Behalve een gekrenkt ego zijn er belangrijkere redenen waarom mensen zich willen onderscheiden van computers. Wij bezitten namelijk diverse kwaliteiten die computers niet hebben. Bewustzijn, rederend vermogen, empathie, semantische vaardigheden, plannen voor de toekomst, gezond verstand, wilskracht, wederkerigheid, verbeeldingskracht, moraliteit en het vermogen om intuïtief sociale en emotionele contexten te begrijpen zijn vaardigheden die computers missen.
Deze vaardigheden zijn belangrijk. Niet om onszelf op een troon te plaatsen, maar om complementair met AI samen te werken en samen slimmer te zijn dan los van elkaar. Om dat te bereiken moeten we niet alleen investeren in machine learning, maar ook in human learning. Bijvoorbeeld door verschillende aspecten van menselijke intelligentie beter te leren definiëren, herkennen, ontwikkelen en benutten, en door meer oog te hebben voor de manier waarop technologie onze eigen intelligentie (en het gebrek daaraan) verandert.
Creativiteit wordt vaak genoemd als voorwaarde om te kunnen leren en het is tevens een eigenschap die vaak wordt beschouwd als unieke eigenschap van de mens. Ja, computers kunnen boeken schrijven, muziek componeren en schilderijen maken, maar de manier waarop deze werken tot stand komen verschilt van een menselijk maakproces. Robotische kunstwerken zijn niet het product van (on)bewuste gedachten, verhalen, emoties, zintuiglijke ervaringen en intenties. Is dat relevant voor de kunstbeleving? Gaat het om het eindproduct of hechten we ook waarde aan een maak- en leerproces waar menselijk bewustzijn, bloed, zweet en tranen in geïnvesteerd zijn?
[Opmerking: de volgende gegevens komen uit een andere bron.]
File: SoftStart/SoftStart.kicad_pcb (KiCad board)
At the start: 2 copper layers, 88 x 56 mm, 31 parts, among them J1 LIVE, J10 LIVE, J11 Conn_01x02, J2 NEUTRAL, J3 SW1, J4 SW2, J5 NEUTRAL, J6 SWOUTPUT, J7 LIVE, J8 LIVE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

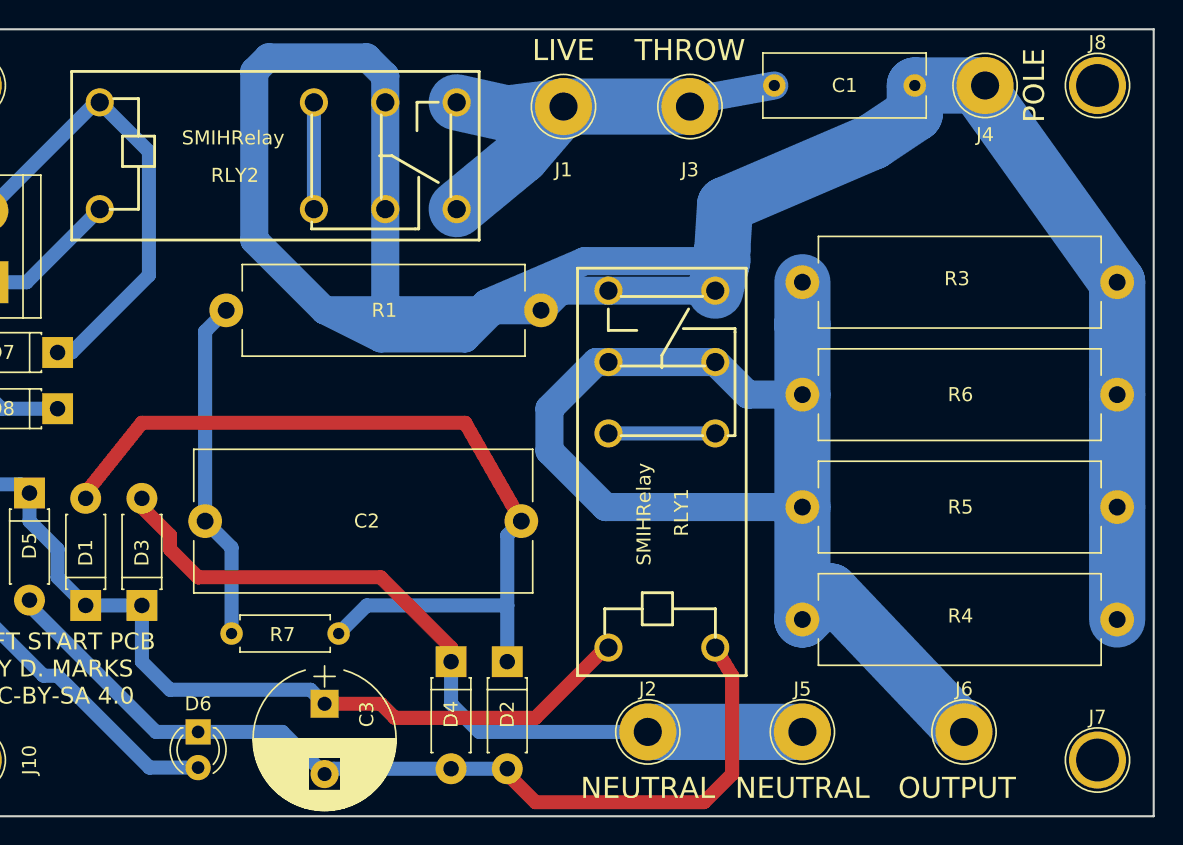
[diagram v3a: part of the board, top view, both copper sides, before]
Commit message: Changed to 2N5551/2N5401 from BC546C/BC556C transistors
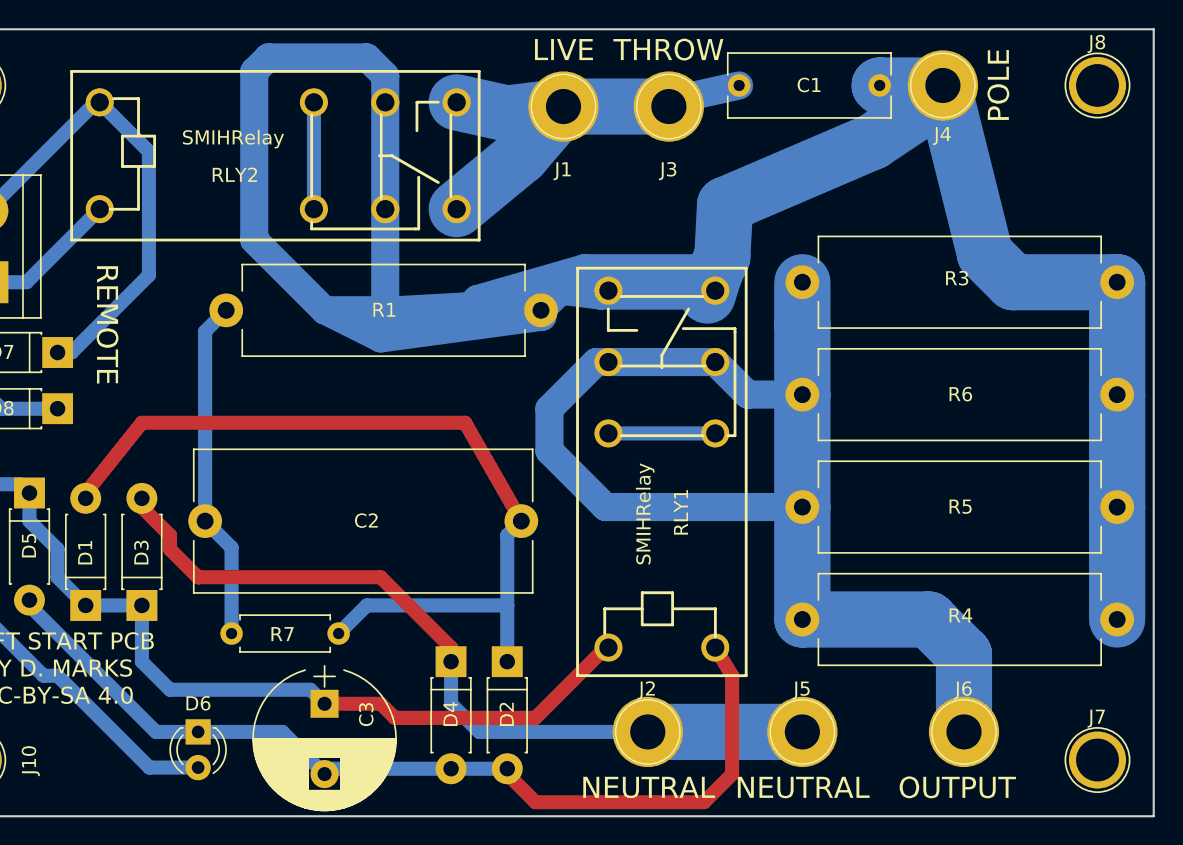
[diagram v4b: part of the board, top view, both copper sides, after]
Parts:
- moved J4 3.00 mm to (193.0, 73.0)
- moved C1 2.50 mm to (188.5, 73.0)
- moved J3 1.50 mm to (173.5, 74.5)
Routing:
- net Net-(C1-Pad1): track 179.0 -> 192.0 mm
- net Net-(C1-Pad2): track 33.6 -> 31.1 mm
- net Net-(J6-Pad1): track 83.6 -> 85.0 mm
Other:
- board text added: "REMOTE"
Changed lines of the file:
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@@
     (links 46)
     (no_connects 0)
-    (area 119.924999 68.924999 208.075001 125.075001)
+    (area 119.924999 68.465 208.075001 125.075001)
     (thickness 1.6)
-    (drawings 11)
-    (tracks 131)
+    (drawings 12)
+    (tracks 134)
     (zones 0)
     (modules 31)
@@
   )
   (setup
-    (last_trace_width 0.25)
+    (last_trace_width 2)
     (user_trace_width 0.5)
     (user_trace_width 1)
@@
     (mod_text_size 1 1)
     (mod_text_width 0.15)
-    (pad_size 4.064 4.064)
-    (pad_drill 2)
+    (pad_size 5 5)
+    (pad_drill 2.5)
     (pad_to_mask_clearance 0.2)
     (aux_axis_origin 0 0)
@@
   )
   (module Capacitors_THT:C_Rect_L11.5mm_W4.5mm_P10.00mm_MKT (layer F.Cu)
-    (at 191 73 180)
+    (at 188.5 73 180)
     (descr "C, Rect series, Radial, pin pitch=10.00mm, , length*width=11.5*4.5mm^2, Capacitor, https://en.tdk.eu/inf/20/20/db/fc_2009/MKT_B32560_564.pdf")
     (tags "C Rect series Radial pin pitch 10.00mm  length 11.5mm width 4.5mm Capacitor")
@@
     (fp_circle (center 0 0) (end 2.6 0) (layer F.CrtYd) (width 0.05))
     (fp_circle (center 0 0) (end 0 -2.286) (layer F.SilkS) (width 0.12))
-    (pad 1 thru_hole circle (at 0 0) (size 4.064 4.064) (drill 2) (layers *.Cu *.Mask)
+    (pad 1 thru_hole circle (at 0 0) (size 5 5) (drill 2.5) (layers *.Cu *.Mask)
       (net 2 "Net-(C1-Pad2)"))
   )
@@
     (fp_circle (center 0 0) (end 2.6 0) (layer F.CrtYd) (width 0.05))
     (fp_circle (center 0 0) (end 0 -2.286) (layer F.SilkS) (width 0.12))
-    (pad 1 thru_hole circle (at 0 0) (size 4.064 4.064) (drill 2) (layers *.Cu *.Mask)
+    (pad 1 thru_hole circle (at 0 0) (size 5 5) (drill 2.5) (layers *.Cu *.Mask)
       (net 7 "Net-(D3-Pad2)"))
   )
   (module Connectors:1pin (layer F.Cu)
-    (at 175 74.5)
+    (at 173.5 74.5)
     (descr "module 1 pin (ou trou mecanique de percage)")
     (tags DEV)
@@
     (fp_circle (center 0 0) (end 2.6 0) (layer F.CrtYd) (width 0.05))
     (fp_circle (center 0 0) (end 0 -2.286) (layer F.SilkS) (width 0.12))
-    (pad 1 thru_hole circle (at 0 0) (size 4.064 4.064) (drill 2) (layers *.Cu *.Mask)
+    (pad 1 thru_hole circle (at 0 0) (size 5 5) (drill 2.5) (layers *.Cu *.Mask)
       (net 2 "Net-(C1-Pad2)"))
   )
   (module Connectors:1pin (layer F.Cu)
-    (at 196 73)
+    (at 193 73)
     (descr "module 1 pin (ou trou mecanique de percage)")
     (tags DEV)
@@
     (fp_circle (center 0 0) (end 2.6 0) (layer F.CrtYd) (width 0.05))
     (fp_circle (center 0 0) (end 0 -2.286) (layer F.SilkS) (width 0.12))
-    (pad 1 thru_hole circle (at 0 0) (size 4.064 4.064) (drill 2) (layers *.Cu *.Mask)
+    (pad 1 thru_hole circle (at 0 0) (size 5 5) (drill 2.5) (layers *.Cu *.Mask)
       (net 1 "Net-(C1-Pad1)"))
   )
@@
     (fp_circle (center 0 0) (end 2.6 0) (layer F.CrtYd) (width 0.05))
     (fp_circle (center 0 0) (end 0 -2.286) (layer F.SilkS) (width 0.12))
-    (pad 1 thru_hole circle (at 0 0) (size 4.064 4.064) (drill 2) (layers *.Cu *.Mask)
+    (pad 1 thru_hole circle (at 0 0) (size 5 5) (drill 2.5) (layers *.Cu *.Mask)
       (net 7 "Net-(D3-Pad2)"))
   )
@@
     (fp_circle (center 0 0) (end 2.6 0) (layer F.CrtYd) (width 0.05))
     (fp_circle (center 0 0) (end 0 -2.286) (layer F.SilkS) (width 0.12))
-    (pad 1 thru_hole circle (at 0 0) (size 4.064 4.064) (drill 2) (layers *.Cu *.Mask)
+    (pad 1 thru_hole circle (at 0 0) (size 5 5) (drill 2.5) (layers *.Cu *.Mask)
       (net 9 "Net-(J6-Pad1)"))
   )
@@
       (net 2 "Net-(C1-Pad2)"))
   )
+  (gr_text REMOTE (at 133.5 90 270) (layer F.SilkS)
+    (effects (font (size 1.5 1.5) (thickness 0.3)))
+  )
   (gr_text "SOFT START PCB\nBY D. MARKS\nCC-BY-SA 4.0" (at 130 114.5) (layer F.SilkS)
     (effects (font (size 1.2 1.2) (thickness 0.2)))
@@
   (gr_line (start 208 69) (end 208 125) (angle 90) (layer Edge.Cuts) (width 0.15))
   (gr_line (start 120 69) (end 208 69) (angle 90) (layer Edge.Cuts) (width 0.15))
-  (gr_text POLE (at 199.5 73 90) (layer F.SilkS)
+  (gr_text POLE (at 197 73 90) (layer F.SilkS)
     (effects (font (size 1.5 1.5) (thickness 0.3)))
   )
-  (gr_text THROW (at 175 70.5) (layer F.SilkS)
+  (gr_text THROW (at 173.5 70.5) (layer F.SilkS)
     (effects (font (size 1.5 1.5) (thickness 0.3)))
   )
@@
     (effects (font (size 1.5 1.5) (thickness 0.3)))
   )
-  (segment (start 164.4 89) (end 161.5 88.5) (width 2) (layer B.Cu) (net 1))
+  (segment (start 205.4 87) (end 198 87) (width 4) (layer B.Cu) (net 1))
+  (segment (start 196 85) (end 193 73) (width 4) (layer B.Cu) (net 1) (status 20))
+  (segment (start 198 87) (end 196 85) (width 4) (layer B.Cu) (net 1))
+  (segment (start 164.4 89) (end 160.85 88.2) (width 2) (layer B.Cu) (net 1))
   (segment (start 153 91) (end 149 89) (width 2) (layer B.Cu) (net 1))
-  (segment (start 159 91) (end 153 91) (width 2) (layer B.Cu) (net 1))
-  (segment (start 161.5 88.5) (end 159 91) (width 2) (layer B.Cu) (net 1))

Terwijl wetenschappers, kunstenaars en filosofen hun hoofden hierover buigen en Nick Cave nog even kraakhelder uitlegt waarom kunstmatige intelligentie nooit een goed nummer zal schrijven, stelt SETUP een vraag die mens en machine met elkaar verbindt in plaats van tegen elkaar uitspeelt: hoe werken we complementair samen en zorgen we dat mens en robot samen slimmer zijn dan los van elkaar?
Om dat te onderzoeken ontwikkelen we in samenwerking met kunstenaar Casper de Jong en ProtoSpace de ultieme pottenbakrobot-experience. Geen efficiënte kleimachine die jouw creativiteit uit handen neemt en je naar huis stuurt met een perfect uitgebalanceerde asbak voor je oma. Maar een ervaring waarbij je een complementaire samenwerking aan den lijve kunt ervaren.
Laat mens en machine elkaar elders maar de tent uitvechten en kom gezellig smeltkroezen met onze pottenbakrobot. Misschien willen jullie daarna —net als in de pottenbak-scène uit de romantische thriller Ghost (1990)— niet meer zonder elkaar.